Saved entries
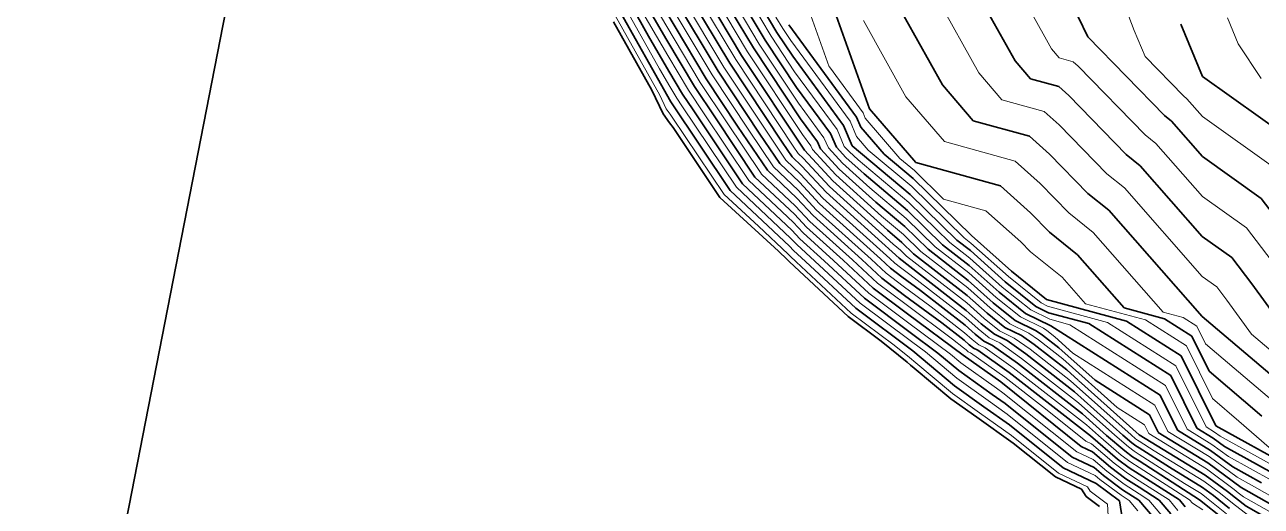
# Model space of a CAD drawing. Header units: millimetres. Extents: x -861324 to 439029, y -308065 to 694685.
# Drawn here: x -861324 to -724930, y -27397 to 25688 of the extents above; entities that cross this region are included whole.
import ezdxf

# ---------------------------------------------------------------- set-up
doc = ezdxf.new("R2010")
doc.units = ezdxf.units.MM
for name, color, linetype, lineweight in [('C-TOPO', 7, 'Continuous', 9), ('C-TOPO-MAJR', 7, 'Continuous', 35), ('C-TOPO-MINR', 7, 'Continuous', 9)]:
    doc.layers.add(name, color=color, linetype=linetype, lineweight=lineweight)

msp = doc.modelspace()

# ---------------------------------------------------------------- linework, layer by layer
at = {"layer": 'C-TOPO', "lineweight": 35}
for p, q in [((-836150, 42695), (-861324, -86258)), ((-792146, 18465), (-796379, 26004)), ((-790919, 15851), (-792146, 18465)), ((-790207, 14875), (-790919, 15851)), ((-789802, 14346), (-790207, 14875)), ((-784639, 6653), (-789802, 14346)), ((-778196, 712), (-784639, 6653)), ((-777218, -206), (-778196, 712)), ((-777151, -278), (-777218, -206)), ((-776950, -460), (-777151, -278)), ((-770483, -6492), (-776950, -460)), ((-766858, -9201), (-770483, -6492)), ((-763992, -11494), (-766858, -9201)), ((-763615, -11842), (-763992, -11494)), ((-763203, -12175), (-763615, -11842)), ((-759157, -15561), (-763203, -12175)), ((-756319, -17582), (-759157, -15561)), ((-752309, -20430), (-756319, -17582)), ((-747644, -24165), (-752309, -20430)), ((-744768, -25521), (-747644, -24165)), ((-744259, -26310), (-744768, -25521)), ((-742790, -27408), (-744259, -26310))]:
    msp.add_line(p, q, dxfattribs=at)
at = {"layer": 'C-TOPO-MAJR'}
for p, q in [((-753140, 43102), (-744065, 24355)), ((-769502, 35914), (-760109, 19063)), ((-791166, 34174), (-783552, 21435)), ((-794989, 31699), (-790501, 23980)), ((-788342, 32477), (-782251, 22286)), ((-790944, 30776), (-784853, 20585)), ((-785518, 30779), (-780950, 23136)), ((-773275, 30801), (-768131, 16417)), ((-756783, 30134), (-752087, 21709)), ((-795477, 29701), (-792523, 24441)), ((-782695, 29082), (-779649, 23987)), ((-795965, 27702), (-790058, 17183)), ((-790722, 27378), (-786155, 19735)), ((-779871, 27385), (-778348, 24837)), ((-778348, 24837), (-776616, 22232)), ((-777047, 25688), (-769569, 15507)), ((-733799, 25751), (-731403, 19986)), ((-792523, 24441), (-790279, 20581)), ((-790501, 23980), (-787456, 18884)), ((-779649, 23987), (-776185, 18776)), ((-744065, 24355), (-735622, 15691)), ((-782251, 22286), (-775322, 11865)), ((-780950, 23136), (-775754, 15320)), ((-776616, 22232), (-771007, 14596)), ((-790279, 20581), (-788757, 18034)), ((-784853, 20585), (-780234, 13638)), ((-783552, 21435), (-777778, 12751)), ((-752087, 21709), (-750388, 19732)), ((-786155, 19735), (-782690, 14524)), ((-750388, 19732), (-747275, 18875)), ((-731403, 19986), (-721694, 13044)), ((-788757, 18034), (-787602, 16297)), ((-787456, 18884), (-785146, 15410)), ((-776185, 18776), (-772446, 13686)), ((-760109, 19063), (-756710, 15109)), ((-747275, 18875), (-746173, 17893)), ((-746173, 17893), (-739840, 11395)), ((-790058, 17183), (-783501, 7415)), ((-768131, 16417), (-763033, 10486)), ((-787602, 16297), (-782138, 8157)), ((-785146, 15410), (-780775, 8898)), ((-775754, 15320), (-773884, 12775)), ((-769569, 15507), (-769085, 14378)), ((-756710, 15109), (-750486, 13396)), ((-735622, 15691), (-734849, 15068)), ((-734849, 15068), (-731417, 11168)), ((-782690, 14524), (-779412, 9640)), ((-772446, 13686), (-771801, 12181)), ((-771007, 14596), (-770040, 12340)), ((-769085, 14378), (-766536, 11413)), ((-780234, 13638), (-778049, 10382)), ((-777778, 12751), (-776685, 11123)), ((-773884, 12775), (-773561, 12023)), ((-770040, 12340), (-763645, 6971)), ((-750486, 13396), (-748280, 11432)), ((-776685, 11123), (-775599, 10103)), ((-775322, 11865), (-772206, 8497)), ((-773561, 12023), (-771484, 9778)), ((-771801, 12181), (-770762, 11059)), ((-770762, 11059), (-768747, 9240)), ((-766536, 11413), (-763339, 8728)), ((-748280, 11432), (-744059, 7100)), ((-739840, 11395), (-738294, 10150)), ((-731417, 11168), (-724944, 6540)), ((-779412, 9640), (-776153, 6578)), ((-778049, 10382), (-775876, 8340)), ((-775599, 10103), (-772928, 7216)), ((-771484, 9778), (-767455, 6139)), ((-763033, 10486), (-753696, 7917)), ((-738294, 10150), (-731431, 2349)), ((-780775, 8898), (-776429, 4816)), ((-775876, 8340), (-773650, 5935)), ((-772206, 8497), (-766163, 3039)), ((-768747, 9240), (-763951, 5213)), ((-763339, 8728), (-756906, 2438)), ((-783501, 7415), (-776983, 1292)), ((-782138, 8157), (-776706, 3054)), ((-772928, 7216), (-764870, -61)), ((-763645, 6971), (-758499, 1939)), ((-753696, 7917), (-750388, 4970)), ((-744059, 7100), (-741740, 5232)), ((-776153, 6578), (-774372, 4654)), ((-773650, 5935), (-766935, -129)), ((-767455, 6139), (-764258, 3455)), ((-724944, 6540), (-720527, 753)), ((-776429, 4816), (-775094, 3373)), ((-774372, 4654), (-769000, -197)), ((-763951, 5213), (-760092, 1439)), ((-750388, 4970), (-748277, 2804)), ((-741740, 5232), (-731445, -6469)), ((-776706, 3054), (-775816, 2092)), ((-775094, 3373), (-771065, -266)), ((-766163, 3039), (-764564, 1697)), ((-764258, 3455), (-761684, 939)), ((-748277, 2804), (-745185, 313)), ((-775816, 2092), (-773130, -334)), ((-764564, 1697), (-763277, 439)), ((-760092, 1439), (-757134, -856)), ((-758499, 1939), (-757020, 791)), ((-756906, 2438), (-752495, -1491)), ((-731431, 2349), (-728194, 35)), ((-776983, 1292), (-776538, 811)), ((-776538, 811), (-775195, -402)), ((-763277, 439), (-757362, -4150)), ((-761684, 939), (-757248, -2503)), ((-757020, 791), (-753161, -2647)), ((-745185, 313), (-740038, -5537)), ((-728194, 35), (-725986, -2858)), ((-775195, -402), (-769668, -5557)), ((-773130, -334), (-768708, -4458)), ((-771065, -266), (-767749, -3359)), ((-769000, -197), (-766789, -2259)), ((-766935, -129), (-765830, -1160)), ((-765830, -1160), (-764569, -2102)), ((-764870, -61), (-757477, -5798)), ((-757134, -856), (-753826, -3803)), ((-766789, -2259), (-764267, -4144)), ((-764569, -2102), (-762520, -3620)), ((-757248, -2503), (-754492, -4959)), ((-753161, -2647), (-749779, -5372)), ((-752495, -1491), (-748631, -4605)), ((-767749, -3359), (-763966, -6185)), ((-762520, -3620), (-757591, -7445)), ((-753826, -3803), (-750928, -6138)), ((-725986, -2858), (-720544, -10360)), ((-768708, -4458), (-763665, -8227)), ((-764267, -4144), (-760169, -7180)), ((-757362, -4150), (-755157, -6115)), ((-754492, -4959), (-752076, -6905)), ((-749779, -5372), (-748382, -6058)), ((-748631, -4605), (-739789, -6991)), ((-769668, -5557), (-763363, -10269)), ((-763966, -6185), (-757819, -10739)), ((-757477, -5798), (-755823, -7271)), ((-755157, -6115), (-753225, -7672)), ((-750928, -6138), (-748133, -7512)), ((-748382, -6058), (-743961, -7251)), ((-740038, -5537), (-735617, -6730)), ((-735617, -6730), (-732604, -8642)), ((-731445, -6469), (-719788, -16394)), ((-760169, -7180), (-757705, -9092)), ((-757591, -7445), (-756488, -8427)), ((-755823, -7271), (-754373, -8439)), ((-753225, -7672), (-751362, -8588)), ((-752076, -6905), (-749747, -8050)), ((-749747, -8050), (-749055, -8543)), ((-748133, -7512), (-736083, -15161)), ((-743961, -7251), (-734923, -12988)), ((-739789, -6991), (-733764, -10815)), ((-763665, -8227), (-760591, -10504)), ((-757705, -9092), (-757153, -9583)), ((-756488, -8427), (-755522, -9206)), ((-755522, -9206), (-754590, -9663)), ((-754373, -8439), (-752976, -9126)), ((-752976, -9126), (-750899, -10604)), ((-751362, -8588), (-749977, -9573)), ((-749055, -8543), (-747261, -9936)), ((-732604, -8642), (-730688, -12503)), ((-763363, -10269), (-758758, -14123)), ((-760591, -10504), (-758289, -12431)), ((-757819, -10739), (-753665, -13696)), ((-757153, -9583), (-756670, -9972)), ((-756670, -9972), (-756205, -10201)), ((-756205, -10201), (-752743, -12665)), ((-754590, -9663), (-751821, -11635)), ((-750899, -10604), (-745518, -14784)), ((-749977, -9573), (-746390, -12360)), ((-747261, -9936), (-743267, -13510)), ((-733764, -10815), (-729932, -18537)), ((-751821, -11635), (-744647, -17208)), ((-758289, -12431), (-754597, -15059)), ((-752743, -12665), (-743775, -19632)), ((-746390, -12360), (-745118, -13498)), ((-745094, -13519), (-738402, -19507)), ((-743267, -13510), (-737242, -17334)), ((-734923, -12988), (-732049, -18779)), ((-730688, -12503), (-724860, -17465)), ((-758758, -14123), (-755528, -16423)), ((-753665, -13696), (-744780, -20810)), ((-745518, -14784), (-740193, -19549)), ((-754597, -15059), (-753189, -16059)), ((-753189, -16059), (-745785, -21987)), ((-736083, -15161), (-734167, -19022)), ((-755528, -16423), (-752713, -18422)), ((-744647, -17208), (-741984, -19591)), ((-737242, -17334), (-736294, -19245)), ((-752713, -18422), (-746790, -23164)), ((-734167, -19022), (-730530, -21250)), ((-732049, -18779), (-730231, -19894)), ((-729932, -18537), (-720414, -23812)), ((-743775, -19632), (-740770, -22197)), ((-741984, -19591), (-739980, -21300)), ((-740193, -19549), (-739191, -20404)), ((-739191, -20404), (-738765, -20722)), ((-738402, -19507), (-731129, -23964)), ((-736284, -19265), (-730829, -22607)), ((-730231, -19894), (-729000, -20795)), ((-744780, -20810), (-743563, -21384)), ((-743563, -21384), (-741559, -23093)), ((-739980, -21300), (-739129, -21936)), ((-738765, -20722), (-738403, -20956)), ((-738403, -20956), (-735064, -23092)), ((-730530, -21250), (-728069, -23054)), ((-729000, -20795), (-722655, -24312)), ((-746790, -23164), (-743138, -24887)), ((-745785, -21987), (-743350, -23135)), ((-743350, -23135), (-742348, -23990)), ((-741559, -23093), (-739855, -24366)), ((-740770, -22197), (-739492, -23151)), ((-739492, -23151), (-738406, -23853)), ((-739129, -21936), (-738404, -22405)), ((-738404, -22405), (-731727, -26677)), ((-735064, -23092), (-731428, -25321)), ((-730829, -22607), (-727138, -25312)), ((-728069, -23054), (-724896, -24812)), ((-742348, -23990), (-740219, -25580)), ((-739855, -24366), (-738407, -25302)), ((-738406, -23853), (-733963, -26696)), ((-731129, -23964), (-728667, -25767)), ((-743138, -24887), (-740582, -26795)), ((-740219, -25580), (-738434, -26734)), ((-738407, -25302), (-736199, -26715)), ((-731428, -25321), (-730197, -26222)), ((-728667, -25767), (-727781, -26486)), ((-727138, -25312), (-722390, -28017)), ((-740582, -26795), (-739605, -32969)), ((-738434, -26734), (-736532, -28984)), ((-736199, -26715), (-734911, -28239)), ((-733963, -26696), (-733319, -27458)), ((-731727, -26677), (-729069, -28834)), ((-730197, -26222), (-728425, -27660)), ((-727781, -26486), (-726609, -27390)), ((-726609, -27390), (-723444, -29193))]:
    msp.add_line(p, q, dxfattribs=at)
at = {"layer": 'C-TOPO-MINR'}
for p, q in [((-789754, 33325), (-782902, 21861)), ((-763143, 33024), (-756098, 20386)), ((-794352, 32112), (-790612, 25679)), ((-791055, 32475), (-784203, 21010)), ((-786930, 31628), (-781601, 22711)), ((-795721, 28702), (-791290, 20812)), ((-790833, 29077), (-785504, 20160)), ((-784106, 29931), (-780300, 23562)), ((-740391, 28872), (-738932, 25053)), ((-793756, 28070), (-790390, 22280)), ((-781283, 28234), (-778999, 24412)), ((-775161, 28244), (-772589, 21052)), ((-796209, 26703), (-791286, 17937)), ((-778459, 26536), (-777698, 25262)), ((-768816, 26166), (-764120, 17740)), ((-750424, 27244), (-748076, 23032)), ((-728665, 26449), (-727468, 23566)), ((-790612, 25679), (-786805, 19309)), ((-777698, 25262), (-776832, 23960)), ((-738932, 25053), (-737734, 22170)), ((-780300, 23562), (-775969, 17048)), ((-778999, 24412), (-776400, 20504)), ((-776832, 23960), (-770288, 15052)), ((-727468, 23566), (-724924, 19767)), ((-790390, 22280), (-788106, 18459)), ((-782902, 21861), (-776550, 12308)), ((-781601, 22711), (-775538, 13593)), ((-748076, 23032), (-747226, 22043)), ((-747226, 22043), (-745670, 21615)), ((-737734, 22170), (-733513, 17838)), ((-791290, 20812), (-790168, 18882)), ((-784203, 21010), (-779006, 13194)), ((-776400, 20504), (-771727, 14141)), ((-772573, 21031), (-768850, 15962)), ((-745670, 21615), (-745119, 21124)), ((-745119, 21124), (-737731, 13543)), ((-786805, 19309), (-783918, 14967)), ((-785504, 20160), (-781462, 14081)), ((-756098, 20386), (-753549, 17420)), ((-791286, 17937), (-790564, 16399)), ((-790168, 18882), (-789407, 17608)), ((-788106, 18459), (-786374, 15854)), ((-764120, 17740), (-759871, 12798)), ((-733513, 17838), (-733126, 17527)), ((-790564, 16399), (-790145, 15825)), ((-789407, 17608), (-788830, 16740)), ((-788830, 16740), (-782820, 7786)), ((-775969, 17048), (-773165, 13231)), ((-753549, 17420), (-748880, 16136)), ((-733126, 17527), (-731410, 15577)), ((-790145, 15825), (-789908, 15514)), ((-789908, 15514), (-784171, 6967)), ((-786374, 15854), (-781457, 8527)), ((-770288, 15052), (-769563, 13359)), ((-768850, 15962), (-768608, 15398)), ((-768608, 15398), (-764784, 10950)), ((-748880, 16136), (-747227, 14662)), ((-731410, 15577), (-723319, 9792)), ((-783918, 14967), (-780107, 9289)), ((-781462, 14081), (-778730, 10011)), ((-771727, 14141), (-770920, 12261)), ((-747227, 14662), (-741949, 9247)), ((-779006, 13194), (-777367, 10752)), ((-776550, 12308), (-776004, 11494)), ((-775538, 13593), (-774603, 12320)), ((-774603, 12320), (-774442, 11944)), ((-773165, 13231), (-772681, 12102)), ((-769563, 13359), (-768288, 11876)), ((-759871, 12798), (-752091, 10657)), ((-737731, 13543), (-736572, 12609)), ((-736572, 12609), (-731424, 6759)), ((-776004, 11494), (-775461, 10984)), ((-775461, 10984), (-772567, 7856)), ((-774442, 11944), (-771845, 9137)), ((-772681, 12102), (-771123, 10418)), ((-770920, 12261), (-770401, 11699)), ((-770401, 11699), (-769394, 10790)), ((-768288, 11876), (-763492, 7849)), ((-764784, 10950), (-763186, 9607)), ((-778730, 10011), (-776014, 7459)), ((-777367, 10752), (-775737, 9222)), ((-771123, 10418), (-768101, 7690)), ((-769394, 10790), (-763798, 6092)), ((-763186, 9607), (-759969, 6462)), ((-752091, 10657), (-749334, 8201)), ((-781457, 8527), (-776568, 3935)), ((-780093, 9269), (-776291, 5697)), ((-775737, 9222), (-773289, 6575)), ((-771845, 9137), (-766809, 4589)), ((-749334, 8201), (-746168, 4952)), ((-741949, 9247), (-740017, 7691)), ((-784171, 6967), (-780381, 3472)), ((-782820, 7786), (-776845, 2173)), ((-776014, 7459), (-774011, 5294)), ((-772567, 7856), (-765516, 1489)), ((-768101, 7690), (-764104, 4334)), ((-763492, 7849), (-757702, 2188)), ((-740017, 7691), (-731438, -2060)), ((-776291, 5697), (-774733, 4013)), ((-773289, 6575), (-765903, -95)), ((-763798, 6092), (-759295, 1689)), ((-759969, 6462), (-755301, 5178)), ((-731424, 6759), (-726569, 3288)), ((-774011, 5294), (-767968, -163)), ((-766809, 4589), (-764411, 2576)), ((-764104, 4334), (-760888, 1189)), ((-755301, 5178), (-751442, 1739)), ((-746168, 4952), (-743463, 2772)), ((-780381, 3472), (-777121, 411)), ((-776568, 3935), (-775455, 2732)), ((-775455, 2732), (-772097, -300)), ((-774733, 4013), (-770032, -231)), ((-743463, 2772), (-735741, -6003)), ((-726569, 3288), (-723257, -1053)), ((-776845, 2173), (-776177, 1451)), ((-776177, 1451), (-774162, -368)), ((-765516, 1489), (-764717, 818)), ((-764411, 2576), (-762481, 689)), ((-759295, 1689), (-757077, -32)), ((-757702, 2188), (-756963, 1615)), ((-756963, 1615), (-752828, -2069)), ((-751442, 1739), (-750386, 656)), ((-777121, 411), (-776899, 170)), ((-776899, 170), (-776227, -436)), ((-764717, 818), (-764074, 189)), ((-764074, 189), (-757419, -4974)), ((-762481, 689), (-757305, -3327)), ((-760888, 1189), (-757191, -1680)), ((-750386, 656), (-746908, -2146)), ((-776227, -436), (-770148, -6107)), ((-774162, -368), (-769188, -5008)), ((-772097, -300), (-768229, -3908)), ((-770032, -231), (-767269, -2809)), ((-767968, -163), (-766309, -1710)), ((-765903, -95), (-765350, -610)), ((-765350, -610), (-764719, -1082)), ((-764719, -1082), (-763695, -1840)), ((-757077, -32), (-753494, -3225)), ((-766309, -1710), (-764418, -3123)), ((-763695, -1840), (-757534, -6621)), ((-757191, -1680), (-754159, -4381)), ((-752828, -2069), (-749205, -4988)), ((-746908, -2146), (-744334, -5071)), ((-731438, -2060), (-729820, -3217)), ((-768229, -3908), (-763815, -7206)), ((-767269, -2809), (-764117, -5165)), ((-764418, -3123), (-761345, -5400)), ((-757305, -3327), (-754824, -5537)), ((-753494, -3225), (-750354, -5755)), ((-729820, -3217), (-728715, -4664)), ((-769188, -5008), (-763514, -9248)), ((-764117, -5165), (-758994, -8959)), ((-761345, -5400), (-757648, -8268)), ((-757419, -4974), (-755490, -6693)), ((-754159, -4381), (-751502, -6522)), ((-749205, -4988), (-748506, -5332)), ((-748506, -5332), (-741875, -7121)), ((-744334, -5071), (-737703, -6860)), ((-728715, -4664), (-725995, -8415)), ((-770148, -6107), (-765419, -9640)), ((-757534, -6621), (-756155, -7849)), ((-755490, -6693), (-753799, -8055)), ((-754824, -5537), (-752651, -7289)), ((-751502, -6522), (-748940, -7781)), ((-750354, -5755), (-748257, -6785)), ((-748257, -6785), (-746047, -7382)), ((-735741, -6003), (-733531, -6599)), ((-733531, -6599), (-732024, -7556)), ((-763815, -7206), (-759205, -10621)), ((-756155, -7849), (-754948, -8822)), ((-753799, -8055), (-752169, -8857)), ((-752651, -7289), (-750554, -8319)), ((-748940, -7781), (-748594, -8027)), ((-748594, -8027), (-747697, -8724)), ((-746047, -7382), (-735503, -14075)), ((-741875, -7121), (-734343, -11902)), ((-737703, -6860), (-733184, -9729)), ((-732024, -7556), (-731066, -9486)), ((-763514, -9248), (-761977, -10386)), ((-758994, -8959), (-757762, -9915)), ((-757648, -8268), (-756821, -9005)), ((-756821, -9005), (-756096, -9589)), ((-754948, -8822), (-753783, -9394)), ((-753783, -9394), (-751360, -11119)), ((-752169, -8857), (-750438, -10089)), ((-750554, -8319), (-749516, -9058)), ((-749516, -9058), (-746826, -11148)), ((-747697, -8724), (-745700, -10511)), ((-731066, -9486), (-722324, -16930)), ((-725995, -8415), (-717252, -15858)), ((-765419, -9640), (-763733, -10990)), ((-761977, -10386), (-758523, -13277)), ((-759205, -10621), (-758054, -11585)), ((-757762, -9915), (-757486, -10161)), ((-757486, -10161), (-757245, -10356)), ((-757245, -10356), (-757012, -10470)), ((-757012, -10470), (-753204, -13181)), ((-756096, -9589), (-755397, -9932)), ((-755397, -9932), (-752282, -12150)), ((-750438, -10089), (-745954, -13572)), ((-745700, -10511), (-736663, -16248)), ((-733184, -9729), (-730310, -15520)), ((-763733, -10990), (-763511, -11194)), ((-763511, -11194), (-763269, -11390)), ((-763269, -11390), (-758993, -14969)), ((-758054, -11585), (-754131, -14378)), ((-752282, -12150), (-744211, -18420)), ((-751360, -11119), (-745083, -15996)), ((-746826, -11148), (-740835, -16508)), ((-734343, -11902), (-730991, -18658)), ((-758523, -13277), (-755062, -15741)), ((-753204, -13181), (-748720, -16664)), ((-745954, -13572), (-739297, -19528)), ((-758993, -14969), (-755993, -17105)), ((-754131, -14378), (-753427, -14877)), ((-753427, -14877), (-745283, -21398)), ((-735503, -14075), (-733108, -18901)), ((-755062, -15741), (-752951, -17240)), ((-745083, -15996), (-741089, -19570)), ((-736663, -16248), (-735226, -19143)), ((-730310, -15520), (-727396, -18001)), ((-755993, -17105), (-752475, -19603)), ((-752951, -17240), (-746287, -22576)), ((-748720, -16664), (-744278, -20221)), ((-740835, -16508), (-737822, -18421)), ((-744211, -18420), (-742880, -19611)), ((-737822, -18421), (-737343, -19386)), ((-733108, -18901), (-730381, -20572)), ((-730991, -18658), (-730081, -19215)), ((-727396, -18001), (-724053, -20925)), ((-752475, -19603), (-747292, -23753)), ((-744278, -20221), (-743669, -20508)), ((-742880, -19611), (-740375, -21749)), ((-741089, -19570), (-739586, -20852)), ((-739297, -19528), (-738796, -19955)), ((-738796, -19955), (-738583, -20115)), ((-738583, -20115), (-738402, -20232)), ((-738402, -20232), (-736733, -21300)), ((-737343, -19386), (-730979, -23286)), ((-735226, -19143), (-730680, -21929)), ((-730081, -19215), (-729466, -19666)), ((-729466, -19666), (-721535, -24062)), ((-745283, -21398), (-743456, -22259)), ((-743669, -20508), (-741164, -22645)), ((-740375, -21749), (-739310, -22544)), ((-739586, -20852), (-738947, -21329)), ((-738947, -21329), (-738404, -21680)), ((-738404, -21680), (-733396, -24885)), ((-736733, -21300), (-731278, -24642)), ((-730381, -20572), (-728535, -21924)), ((-746287, -22576), (-743244, -24011)), ((-743456, -22259), (-741954, -23542)), ((-741164, -22645), (-739674, -23758)), ((-739310, -22544), (-738405, -23129)), ((-738405, -23129), (-732845, -26687)), ((-730680, -21929), (-727603, -24183)), ((-728535, -21924), (-723776, -24562)), ((-747292, -23753), (-744097, -25260)), ((-743244, -24011), (-742743, -24438)), ((-742743, -24438), (-740401, -26188)), ((-741954, -23542), (-740037, -24973)), ((-739674, -23758), (-738406, -24578)), ((-730979, -23286), (-727902, -25539)), ((-727603, -24183), (-726017, -25062)), ((-744097, -25260), (-743797, -25724)), ((-743797, -25724), (-741881, -27155)), ((-740037, -24973), (-738408, -26026)), ((-738406, -24578), (-735081, -26705)), ((-733396, -24885), (-731577, -25999)), ((-731278, -24642), (-729432, -25995)), ((-727902, -25539), (-727460, -25899)), ((-727460, -25899), (-726873, -26351)), ((-726017, -25062), (-721863, -27429)), ((-741881, -27155), (-741636, -31838)), ((-740401, -26188), (-739508, -26764)), ((-739508, -26764), (-738557, -27890)), ((-738408, -26026), (-737317, -26724)), ((-737317, -26724), (-735707, -28630)), ((-735081, -26705), (-734115, -27849)), ((-732845, -26687), (-732523, -27068)), ((-732523, -27068), (-731385, -27804)), ((-731577, -25999), (-730962, -26450)), ((-730962, -26450), (-728747, -28247)), ((-729432, -25995), (-728103, -27073)), ((-728103, -27073), (-726345, -28428)), ((-726873, -26351), (-722917, -28605))]:
    msp.add_line(p, q, dxfattribs=at)

doc.saveas('drawing.dxf')

▶ [Instructions to follow]: Go through the data and gather every line that holds "ezdxf".

▶ [Response to the task]:
import ezdxf
doc = ezdxf.new("R2010")
doc.units = ezdxf.units.MM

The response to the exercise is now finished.